I came across this data structure when part of a particular routine I had written early on in AoC, involving checking whether an item was part of a list somewhere else, and doing something with said item depending on the answer, was running far too slowly. The routine went something like this:

def is_thing_in_list(thing,list):
  for i in range(len(list)):
    if list[i]==thing:
      return True
  return False

It certainly did what it said on the tin and gave the right answer, but as both the size of the list grew, it was too slow (O(N) for the size of the list). Someone suggested that I try a different data structure, and I came across the dict and defaultdict. The dict uses a hash function to store the value for each key, so is designed for quick (O(1)) lookups.

This meant the above routine could be replaced with both a much shorter to write and quicker:

is_in_list = defaultdict(False)

This structure now appears very often in my work on graphs/networks, where routines like “if this node/edge already exists in the graph, do X, otherwise, do Y” often pop up.

Regular Expressions (regex)

Another skill I learnt which has been helpful for work I am doing now is regular expressions, or regex. Sometimes the input data for AoC (as in real life) had a natural structure, e.g. a list of numbers, a long string of characters or something that can happily be converted to a table.
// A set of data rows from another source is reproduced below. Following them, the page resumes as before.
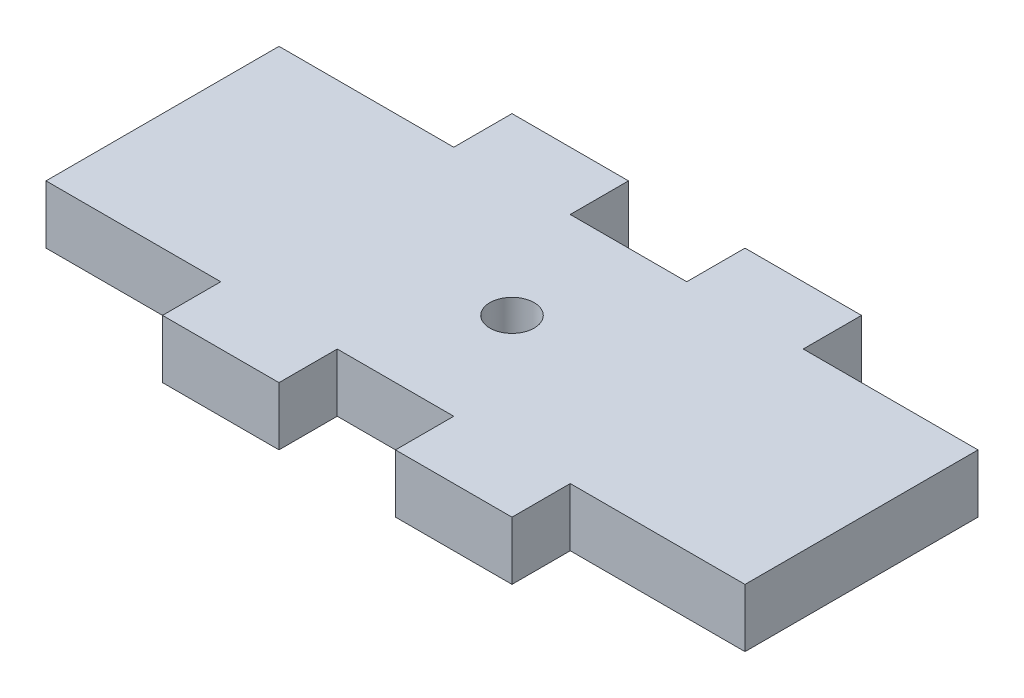
ISO-10303-21;
HEADER;
FILE_DESCRIPTION(('STEP AP214'),'2;1');
FILE_NAME('part.step','',(''),(''),'','','');
FILE_SCHEMA(('AUTOMOTIVE_DESIGN { 1 0 10303 214 1 1 1 1 }'));
ENDSEC;
DATA;
#1=APPLICATION_CONTEXT('core data for automotive mechanical design processes');
#2=APPLICATION_PROTOCOL_DEFINITION('international standard','automotive_design',2000,#1);
#3=PRODUCT_CONTEXT('',#1,'mechanical');
#4=PRODUCT('Part','Part','',(#3));
#5=PRODUCT_RELATED_PRODUCT_CATEGORY('part','',(#4));
#6=PRODUCT_DEFINITION_FORMATION('','',#4);
#7=PRODUCT_DEFINITION_CONTEXT('part definition',#1,'design');
#8=PRODUCT_DEFINITION('design','',#6,#7);
#9=PRODUCT_DEFINITION_SHAPE('','',#8);
#10=(LENGTH_UNIT() NAMED_UNIT(*) SI_UNIT(.MILLI.,.METRE.));
#11=(NAMED_UNIT(*) PLANE_ANGLE_UNIT() SI_UNIT($,.RADIAN.));
#12=(NAMED_UNIT(*) SI_UNIT($,.STERADIAN.) SOLID_ANGLE_UNIT());
#13=UNCERTAINTY_MEASURE_WITH_UNIT(LENGTH_MEASURE(1.E-05),#10,'distance_accuracy_value','');
#14=(GEOMETRIC_REPRESENTATION_CONTEXT(3) GLOBAL_UNCERTAINTY_ASSIGNED_CONTEXT((#13)) GLOBAL_UNIT_ASSIGNED_CONTEXT((#10,
#11,#12)) REPRESENTATION_CONTEXT('',''));
#15=CARTESIAN_POINT('',(0.,0.,0.));
#16=DIRECTION('',(0.,0.,1.));
#17=DIRECTION('',(1.,0.,0.));
#18=AXIS2_PLACEMENT_3D('',#15,#16,#17);
#19=CARTESIAN_POINT('',(12.7,6.35,0.));
#20=DIRECTION('',(1.,0.,0.));
#21=DIRECTION('',(0.,0.,-1.));
#22=AXIS2_PLACEMENT_3D('',#19,#20,#21);
#23=PLANE('',#22);
#24=DIRECTION('',(0.,0.,1.));
#25=VECTOR('',#24,1.);
#26=CARTESIAN_POINT('',(12.7,0.,0.));
#27=LINE('',#26,#25);
#28=CARTESIAN_POINT('',(12.7,0.,12.7));
#29=VERTEX_POINT('',#28);
#30=CARTESIAN_POINT('',(12.7,0.,19.05));
#31=VERTEX_POINT('',#30);
#32=EDGE_CURVE('E248',#29,#31,#27,.T.);
#33=ORIENTED_EDGE('',*,*,#32,.F.);
#34=DIRECTION('',(0.,-1.,0.));
#35=VECTOR('',#34,1.);
#36=CARTESIAN_POINT('',(12.7,6.35,12.7));
#37=LINE('',#36,#35);
#38=CARTESIAN_POINT('',(12.7,6.35,12.7));
#39=VERTEX_POINT('',#38);
#40=EDGE_CURVE('E11',#39,#29,#37,.T.);
#41=ORIENTED_EDGE('',*,*,#40,.F.);
#42=DIRECTION('',(0.,0.,1.));
#43=VECTOR('',#42,1.);
#44=CARTESIAN_POINT('',(12.7,6.35,0.));
#45=LINE('',#44,#43);
#46=CARTESIAN_POINT('',(12.7,6.35,19.05));
#47=VERTEX_POINT('',#46);
#48=EDGE_CURVE('E390',#39,#47,#45,.T.);
#49=ORIENTED_EDGE('',*,*,#48,.T.);
#50=DIRECTION('',(0.,-1.,0.));
#51=VECTOR('',#50,1.);
#52=CARTESIAN_POINT('',(12.7,6.35,19.05));
#53=LINE('',#52,#51);
#54=EDGE_CURVE('E122',#47,#31,#53,.T.);
#55=ORIENTED_EDGE('',*,*,#54,.T.);
#56=EDGE_LOOP('',(#33,#41,#49,#55));
#57=FACE_BOUND('',#56,.T.);
#58=ADVANCED_FACE('F35',(#57),#23,.T.);
#59=CARTESIAN_POINT('',(0.,6.35,12.7));
#60=DIRECTION('',(0.,0.,-1.));
#61=DIRECTION('',(-1.,0.,0.));
#62=AXIS2_PLACEMENT_3D('',#59,#60,#61);
#63=PLANE('',#62);
#64=DIRECTION('',(1.,0.,0.));
#65=VECTOR('',#64,1.);
#66=CARTESIAN_POINT('',(0.,0.,12.7));
#67=LINE('',#66,#65);
#68=CARTESIAN_POINT('',(31.75,0.,12.7));
#69=VERTEX_POINT('',#68);
#70=EDGE_CURVE('E246',#29,#69,#67,.T.);
#71=ORIENTED_EDGE('',*,*,#70,.T.);
#72=DIRECTION('',(0.,-1.,0.));
#73=VECTOR('',#72,1.);
#74=CARTESIAN_POINT('',(31.75,6.35,12.7));
#75=LINE('',#74,#73);
#76=CARTESIAN_POINT('',(31.75,6.35,12.7));
#77=VERTEX_POINT('',#76);
#78=EDGE_CURVE('E44',#77,#69,#75,.T.);
#79=ORIENTED_EDGE('',*,*,#78,.F.);
#80=DIRECTION('',(1.,0.,0.));
#81=VECTOR('',#80,1.);
#82=CARTESIAN_POINT('',(0.,6.35,12.7));
#83=LINE('',#82,#81);
#84=EDGE_CURVE('E392',#39,#77,#83,.T.);
#85=ORIENTED_EDGE('',*,*,#84,.F.);
#86=ORIENTED_EDGE('',*,*,#40,.T.);
#87=EDGE_LOOP('',(#71,#79,#85,#86));
#88=FACE_BOUND('',#87,.T.);
#89=ADVANCED_FACE('F247',(#88),#63,.F.);
#90=CARTESIAN_POINT('',(31.75,6.35,0.));
#91=DIRECTION('',(-1.,0.,0.));
#92=DIRECTION('',(0.,0.,1.));
#93=AXIS2_PLACEMENT_3D('',#90,#91,#92);
#94=PLANE('',#93);
#95=DIRECTION('',(0.,0.,-1.));
#96=VECTOR('',#95,1.);
#97=CARTESIAN_POINT('',(31.75,0.,0.));
#98=LINE('',#97,#96);
#99=CARTESIAN_POINT('',(31.75,0.,-12.7));
#100=VERTEX_POINT('',#99);
#101=EDGE_CURVE('E240',#69,#100,#98,.T.);
#102=ORIENTED_EDGE('',*,*,#101,.T.);
#103=DIRECTION('',(0.,-1.,0.));
#104=VECTOR('',#103,1.);
#105=CARTESIAN_POINT('',(31.75,6.35,-12.7));
#106=LINE('',#105,#104);
#107=CARTESIAN_POINT('',(31.75,6.35,-12.7));
#108=VERTEX_POINT('',#107);
#109=EDGE_CURVE('E232',#108,#100,#106,.T.);
#110=ORIENTED_EDGE('',*,*,#109,.F.);
#111=DIRECTION('',(0.,0.,-1.));
#112=VECTOR('',#111,1.);
#113=CARTESIAN_POINT('',(31.75,6.35,0.));
#114=LINE('',#113,#112);
#115=EDGE_CURVE('E242',#77,#108,#114,.T.);
#116=ORIENTED_EDGE('',*,*,#115,.F.);
#117=ORIENTED_EDGE('',*,*,#78,.T.);
#118=EDGE_LOOP('',(#102,#110,#116,#117));
#119=FACE_BOUND('',#118,.T.);
#120=ADVANCED_FACE('F238',(#119),#94,.F.);
#121=CARTESIAN_POINT('',(0.,6.35,-12.7));
#122=DIRECTION('',(0.,0.,-1.));
#123=DIRECTION('',(-1.,0.,0.));
#124=AXIS2_PLACEMENT_3D('',#121,#122,#123);
#125=PLANE('',#124);
#126=DIRECTION('',(1.,0.,0.));
#127=VECTOR('',#126,1.);
#128=CARTESIAN_POINT('',(0.,0.,-12.7));
#129=LINE('',#128,#127);
#130=CARTESIAN_POINT('',(12.7,0.,-12.7));
#131=VERTEX_POINT('',#130);
#132=EDGE_CURVE('E250',#131,#100,#129,.T.);
#133=ORIENTED_EDGE('',*,*,#132,.F.);
#134=DIRECTION('',(0.,-1.,0.));
#135=VECTOR('',#134,1.);
#136=CARTESIAN_POINT('',(12.7,6.35,-12.7));
#137=LINE('',#136,#135);
#138=CARTESIAN_POINT('',(12.7,6.35,-12.7));
#139=VERTEX_POINT('',#138);
#140=EDGE_CURVE('E230',#139,#131,#137,.T.);
#141=ORIENTED_EDGE('',*,*,#140,.F.);
#142=DIRECTION('',(1.,0.,0.));
#143=VECTOR('',#142,1.);
#144=CARTESIAN_POINT('',(0.,6.35,-12.7));
#145=LINE('',#144,#143);
#146=EDGE_CURVE('E397',#139,#108,#145,.T.);
#147=ORIENTED_EDGE('',*,*,#146,.T.);
#148=ORIENTED_EDGE('',*,*,#109,.T.);
#149=EDGE_LOOP('',(#133,#141,#147,#148));
#150=FACE_BOUND('',#149,.T.);
#151=ADVANCED_FACE('F325',(#150),#125,.T.);
#152=CARTESIAN_POINT('',(12.7,6.35,0.));
#153=DIRECTION('',(-1.,0.,0.));
#154=DIRECTION('',(0.,0.,1.));
#155=AXIS2_PLACEMENT_3D('',#152,#153,#154);
#156=PLANE('',#155);
#157=DIRECTION('',(0.,0.,-1.));
#158=VECTOR('',#157,1.);
#159=CARTESIAN_POINT('',(12.7,0.,0.));
#160=LINE('',#159,#158);
#161=CARTESIAN_POINT('',(12.7,0.,-19.05));
#162=VERTEX_POINT('',#161);
#163=EDGE_CURVE('E257',#131,#162,#160,.T.);
#164=ORIENTED_EDGE('',*,*,#163,.T.);
#165=DIRECTION('',(0.,-1.,0.));
#166=VECTOR('',#165,1.);
#167=CARTESIAN_POINT('',(12.7,6.35,-19.05));
#168=LINE('',#167,#166);
#169=CARTESIAN_POINT('',(12.7,6.35,-19.05));
#170=VERTEX_POINT('',#169);
#171=EDGE_CURVE('E228',#170,#162,#168,.T.);
#172=ORIENTED_EDGE('',*,*,#171,.F.);
#173=DIRECTION('',(0.,0.,-1.));
#174=VECTOR('',#173,1.);
#175=CARTESIAN_POINT('',(12.7,6.35,0.));
#176=LINE('',#175,#174);
#177=EDGE_CURVE('E400',#139,#170,#176,.T.);
#178=ORIENTED_EDGE('',*,*,#177,.F.);
#179=ORIENTED_EDGE('',*,*,#140,.T.);
#180=EDGE_LOOP('',(#164,#172,#178,#179));
#181=FACE_BOUND('',#180,.T.);
#182=ADVANCED_FACE('F328',(#181),#156,.F.);
#183=CARTESIAN_POINT('',(0.,6.35,-19.05));
#184=DIRECTION('',(0.,0.,-1.));
#185=DIRECTION('',(-1.,0.,0.));
#186=AXIS2_PLACEMENT_3D('',#183,#184,#185);
#187=PLANE('',#186);
#188=DIRECTION('',(1.,0.,0.));
#189=VECTOR('',#188,1.);
#190=CARTESIAN_POINT('',(0.,0.,-19.05));
#191=LINE('',#190,#189);
#192=CARTESIAN_POINT('',(0.,0.,-19.05));
#193=VERTEX_POINT('',#192);
#194=EDGE_CURVE('E260',#193,#162,#191,.T.);
#195=ORIENTED_EDGE('',*,*,#194,.F.);
#196=DIRECTION('',(0.,-1.,0.));
#197=VECTOR('',#196,1.);
#198=CARTESIAN_POINT('',(0.,6.35,-19.05));
#199=LINE('',#198,#197);
#200=CARTESIAN_POINT('',(0.,6.35,-19.05));
#201=VERTEX_POINT('',#200);
#202=EDGE_CURVE('E226',#201,#193,#199,.T.);
#203=ORIENTED_EDGE('',*,*,#202,.F.);
#204=DIRECTION('',(1.,0.,0.));
#205=VECTOR('',#204,1.);
#206=CARTESIAN_POINT('',(0.,6.35,-19.05));
#207=LINE('',#206,#205);
#208=EDGE_CURVE('E402',#201,#170,#207,.T.);
#209=ORIENTED_EDGE('',*,*,#208,.T.);
#210=ORIENTED_EDGE('',*,*,#171,.T.);
#211=EDGE_LOOP('',(#195,#203,#209,#210));
#212=FACE_BOUND('',#211,.T.);
#213=ADVANCED_FACE('F332',(#212),#187,.T.);
#214=CARTESIAN_POINT('',(0.,6.35,0.));
#215=DIRECTION('',(-1.,0.,0.));
#216=DIRECTION('',(0.,0.,1.));
#217=AXIS2_PLACEMENT_3D('',#214,#215,#216);
#218=PLANE('',#217);
#219=DIRECTION('',(0.,0.,-1.));
#220=VECTOR('',#219,1.);
#221=CARTESIAN_POINT('',(0.,0.,0.));
#222=LINE('',#221,#220);
#223=CARTESIAN_POINT('',(0.,0.,-12.7));
#224=VERTEX_POINT('',#223);
#225=EDGE_CURVE('E263',#224,#193,#222,.T.);
#226=ORIENTED_EDGE('',*,*,#225,.F.);
#227=DIRECTION('',(0.,-1.,0.));
#228=VECTOR('',#227,1.);
#229=CARTESIAN_POINT('',(0.,6.35,-12.7));
#230=LINE('',#229,#228);
#231=CARTESIAN_POINT('',(0.,6.35,-12.7));
#232=VERTEX_POINT('',#231);
#233=EDGE_CURVE('E224',#232,#224,#230,.T.);
#234=ORIENTED_EDGE('',*,*,#233,.F.);
#235=DIRECTION('',(0.,0.,-1.));
#236=VECTOR('',#235,1.);
#237=CARTESIAN_POINT('',(0.,6.35,0.));
#238=LINE('',#237,#236);
#239=EDGE_CURVE('E405',#232,#201,#238,.T.);
#240=ORIENTED_EDGE('',*,*,#239,.T.);
#241=ORIENTED_EDGE('',*,*,#202,.T.);
#242=EDGE_LOOP('',(#226,#234,#240,#241));
#243=FACE_BOUND('',#242,.T.);
#244=ADVANCED_FACE('F336',(#243),#218,.T.);
#245=CARTESIAN_POINT('',(0.,6.35,-12.7));
#246=DIRECTION('',(0.,0.,-1.));
#247=DIRECTION('',(-1.,0.,0.));
#248=AXIS2_PLACEMENT_3D('',#245,#246,#247);
#249=PLANE('',#248);
#250=DIRECTION('',(1.,0.,0.));
#251=VECTOR('',#250,1.);
#252=CARTESIAN_POINT('',(0.,0.,-12.7));
#253=LINE('',#252,#251);
#254=CARTESIAN_POINT('',(-12.7,0.,-12.7));
#255=VERTEX_POINT('',#254);
#256=EDGE_CURVE('E266',#255,#224,#253,.T.);
#257=ORIENTED_EDGE('',*,*,#256,.F.);
#258=DIRECTION('',(0.,-1.,0.));
#259=VECTOR('',#258,1.);
#260=CARTESIAN_POINT('',(-12.7,6.35,-12.7));
#261=LINE('',#260,#259);
#262=CARTESIAN_POINT('',(-12.7,6.35,-12.7));
#263=VERTEX_POINT('',#262);
#264=EDGE_CURVE('E222',#263,#255,#261,.T.);
#265=ORIENTED_EDGE('',*,*,#264,.F.);
#266=DIRECTION('',(1.,0.,0.));
#267=VECTOR('',#266,1.);
#268=CARTESIAN_POINT('',(0.,6.35,-12.7));
#269=LINE('',#268,#267);
#270=EDGE_CURVE('E408',#263,#232,#269,.T.);
#271=ORIENTED_EDGE('',*,*,#270,.T.);
#272=ORIENTED_EDGE('',*,*,#233,.T.);
#273=EDGE_LOOP('',(#257,#265,#271,#272));
#274=FACE_BOUND('',#273,.T.);
#275=ADVANCED_FACE('F340',(#274),#249,.T.);
#276=CARTESIAN_POINT('',(-12.7,6.35,0.));
#277=DIRECTION('',(-1.,0.,0.));
#278=DIRECTION('',(0.,0.,1.));
#279=AXIS2_PLACEMENT_3D('',#276,#277,#278);
#280=PLANE('',#279);
#281=DIRECTION('',(0.,0.,-1.));
#282=VECTOR('',#281,1.);
#283=CARTESIAN_POINT('',(-12.7,0.,0.));
#284=LINE('',#283,#282);
#285=CARTESIAN_POINT('',(-12.7,0.,-19.05));
#286=VERTEX_POINT('',#285);
#287=EDGE_CURVE('E269',#255,#286,#284,.T.);
#288=ORIENTED_EDGE('',*,*,#287,.T.);
#289=DIRECTION('',(0.,-1.,0.));
#290=VECTOR('',#289,1.);
#291=CARTESIAN_POINT('',(-12.7,6.35,-19.05));
#292=LINE('',#291,#290);
#293=CARTESIAN_POINT('',(-12.7,6.35,-19.05));
#294=VERTEX_POINT('',#293);
#295=EDGE_CURVE('E219',#294,#286,#292,.T.);
#296=ORIENTED_EDGE('',*,*,#295,.F.);
#297=DIRECTION('',(0.,0.,-1.));
#298=VECTOR('',#297,1.);
#299=CARTESIAN_POINT('',(-12.7,6.35,0.));
#300=LINE('',#299,#298);
#301=EDGE_CURVE('E411',#263,#294,#300,.T.);
#302=ORIENTED_EDGE('',*,*,#301,.F.);
#303=ORIENTED_EDGE('',*,*,#264,.T.);
#304=EDGE_LOOP('',(#288,#296,#302,#303));
#305=FACE_BOUND('',#304,.T.);
#306=ADVANCED_FACE('F344',(#305),#280,.F.);
#307=CARTESIAN_POINT('',(0.,6.35,-19.05));
#308=DIRECTION('',(0.,0.,1.));
#309=DIRECTION('',(1.,0.,0.));
#310=AXIS2_PLACEMENT_3D('',#307,#308,#309);
#311=PLANE('',#310);
#312=DIRECTION('',(-1.,0.,0.));
#313=VECTOR('',#312,1.);
#314=CARTESIAN_POINT('',(0.,0.,-19.05));
#315=LINE('',#314,#313);
#316=CARTESIAN_POINT('',(-25.4,0.,-19.05));
#317=VERTEX_POINT('',#316);
#318=EDGE_CURVE('E272',#286,#317,#315,.T.);
#319=ORIENTED_EDGE('',*,*,#318,.T.);
#320=DIRECTION('',(0.,-1.,0.));
#321=VECTOR('',#320,1.);
#322=CARTESIAN_POINT('',(-25.4,6.35,-19.05));
#323=LINE('',#322,#321);
#324=CARTESIAN_POINT('',(-25.4,6.35,-19.05));
#325=VERTEX_POINT('',#324);
#326=EDGE_CURVE('E217',#325,#317,#323,.T.);
#327=ORIENTED_EDGE('',*,*,#326,.F.);
#328=DIRECTION('',(-1.,0.,0.));
#329=VECTOR('',#328,1.);
#330=CARTESIAN_POINT('',(0.,6.35,-19.05));
#331=LINE('',#330,#329);
#332=EDGE_CURVE('E414',#294,#325,#331,.T.);
#333=ORIENTED_EDGE('',*,*,#332,.F.);
#334=ORIENTED_EDGE('',*,*,#295,.T.);
#335=EDGE_LOOP('',(#319,#327,#333,#334));
#336=FACE_BOUND('',#335,.T.);
#337=ADVANCED_FACE('F348',(#336),#311,.F.);
#338=CARTESIAN_POINT('',(-25.4,6.35,0.));
#339=DIRECTION('',(-1.,0.,0.));
#340=DIRECTION('',(0.,0.,1.));
#341=AXIS2_PLACEMENT_3D('',#338,#339,#340);
#342=PLANE('',#341);
#343=DIRECTION('',(0.,0.,-1.));
#344=VECTOR('',#343,1.);
#345=CARTESIAN_POINT('',(-25.4,0.,0.));
#346=LINE('',#345,#344);
#347=CARTESIAN_POINT('',(-25.4,0.,-12.7));
#348=VERTEX_POINT('',#347);
#349=EDGE_CURVE('E275',#348,#317,#346,.T.);
#350=ORIENTED_EDGE('',*,*,#349,.F.);
#351=DIRECTION('',(0.,-1.,0.));
#352=VECTOR('',#351,1.);
#353=CARTESIAN_POINT('',(-25.4,6.35,-12.7));
#354=LINE('',#353,#352);
#355=CARTESIAN_POINT('',(-25.4,6.35,-12.7));
#356=VERTEX_POINT('',#355);
#357=EDGE_CURVE('E215',#356,#348,#354,.T.);
#358=ORIENTED_EDGE('',*,*,#357,.F.);
#359=DIRECTION('',(0.,0.,-1.));
#360=VECTOR('',#359,1.);
#361=CARTESIAN_POINT('',(-25.4,6.35,0.));
#362=LINE('',#361,#360);
#363=EDGE_CURVE('E416',#356,#325,#362,.T.);
#364=ORIENTED_EDGE('',*,*,#363,.T.);
#365=ORIENTED_EDGE('',*,*,#326,.T.);
#366=EDGE_LOOP('',(#350,#358,#364,#365));
#367=FACE_BOUND('',#366,.T.);
#368=ADVANCED_FACE('F352',(#367),#342,.T.);
#369=CARTESIAN_POINT('',(0.,6.35,-12.6999999999999));
#370=DIRECTION('',(0.,0.,-1.));
#371=DIRECTION('',(-1.,0.,0.));
#372=AXIS2_PLACEMENT_3D('',#369,#370,#371);
#373=PLANE('',#372);
#374=DIRECTION('',(1.,0.,0.));
#375=VECTOR('',#374,1.);
#376=CARTESIAN_POINT('',(0.,0.,-12.6999999999999));
#377=LINE('',#376,#375);
#378=CARTESIAN_POINT('',(-44.45,0.,-12.7));
#379=VERTEX_POINT('',#378);
#380=EDGE_CURVE('E278',#379,#348,#377,.T.);
#381=ORIENTED_EDGE('',*,*,#380,.F.);
#382=DIRECTION('',(0.,-1.,0.));
#383=VECTOR('',#382,1.);
#384=CARTESIAN_POINT('',(-44.45,6.35,-12.7));
#385=LINE('',#384,#383);
#386=CARTESIAN_POINT('',(-44.45,6.35,-12.7));
#387=VERTEX_POINT('',#386);
#388=EDGE_CURVE('E213',#387,#379,#385,.T.);
#389=ORIENTED_EDGE('',*,*,#388,.F.);
#390=DIRECTION('',(1.,0.,0.));
#391=VECTOR('',#390,1.);
#392=CARTESIAN_POINT('',(0.,6.35,-12.6999999999999));
#393=LINE('',#392,#391);
#394=EDGE_CURVE('E419',#387,#356,#393,.T.);
#395=ORIENTED_EDGE('',*,*,#394,.T.);
#396=ORIENTED_EDGE('',*,*,#357,.T.);
#397=EDGE_LOOP('',(#381,#389,#395,#396));
#398=FACE_BOUND('',#397,.T.);
#399=ADVANCED_FACE('F356',(#398),#373,.T.);
#400=CARTESIAN_POINT('',(-44.45,6.35,0.));
#401=DIRECTION('',(1.,0.,0.));
#402=DIRECTION('',(0.,0.,-1.));
#403=AXIS2_PLACEMENT_3D('',#400,#401,#402);
#404=PLANE('',#403);
#405=DIRECTION('',(0.,0.,1.));
#406=VECTOR('',#405,1.);
#407=CARTESIAN_POINT('',(-44.45,0.,0.));
#408=LINE('',#407,#406);
#409=CARTESIAN_POINT('',(-44.45,0.,12.7));
#410=VERTEX_POINT('',#409);
#411=EDGE_CURVE('E281',#379,#410,#408,.T.);
#412=ORIENTED_EDGE('',*,*,#411,.T.);
#413=DIRECTION('',(0.,-1.,0.));
#414=VECTOR('',#413,1.);
#415=CARTESIAN_POINT('',(-44.45,6.35,12.7));
#416=LINE('',#415,#414);
#417=CARTESIAN_POINT('',(-44.45,6.35,12.7));
#418=VERTEX_POINT('',#417);
#419=EDGE_CURVE('E211',#418,#410,#416,.T.);
#420=ORIENTED_EDGE('',*,*,#419,.F.);
#421=DIRECTION('',(0.,0.,1.));
#422=VECTOR('',#421,1.);
#423=CARTESIAN_POINT('',(-44.45,6.35,0.));
#424=LINE('',#423,#422);
#425=EDGE_CURVE('E422',#387,#418,#424,.T.);
#426=ORIENTED_EDGE('',*,*,#425,.F.);
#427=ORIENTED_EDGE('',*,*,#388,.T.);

However, there were a few times where the data was only semi-structured, an example being a text log from last year’s Day 4:

[1518-06-12 23:57] Guard #2633 begins shift
[1518-04-11 00:09] falls asleep
[1518-04-10 00:56] falls asleep
[1518-10-22 00:36] wakes up
[1518-11-08 00:57] wakes up
[1518-03-28 00:00] Guard #2423 begins shift
[1518-11-02 00:02] Guard #727 begins shift
[1518-04-14 23:56] Guard #2777 begins shift
[1518-09-02 00:45] falls asleep

Each line consists of something that can be understood as a date+time with a text log message, some of which contain guard ids which need to be parsed, others not.

Regular expressions are used to look for specific patterns in text data and so are well primed for being able to take a line from a log like this and separate it into its important components. After looking at some online resources for regex writing, I eventually came up with something like:

regex = "\[(?P<yy>\d+)-(?P<mm>\d+)-(?P<dd>\d+) (?P<hh>\d+):(?P<min>\d+)\] (?P<event>.*)"

which looks slightly nasty but once used later in the code, says something along the lines of “I’m looking for something in format [yy-mm-dd hh:min] event” where yy, mm, dd, hh, min are integers, and event is anything left over at the end. This sort of technique was useful for reading in other files from AoC into some format with more structure, and is indeed something I’ve been able to use since for parsing data that is in the form of a text log of sorts.

Other things

Other things I learnt which have been since useful:

  • Try to use something other than a for loop if it is a large loop!
  • That being said, the Python generator statement is a nice way of abbreviating for loop syntax [do(this) for this in loop]
  • The Python Counter method is very handy.
  • Unit tests are important!!

Overall, as well as the practical aspects I took from the experience, I found it lots of fun and very much enjoyed the social aspect of it. I hope you enjoyed reading this and that if you participate this year you will enjoy it as much as I did. I’d also like to say thanks to Eric Wastl and all involved in developing AoC, Eder Fernandes who introduced me to it, and friends participating who were very generous with coding advice.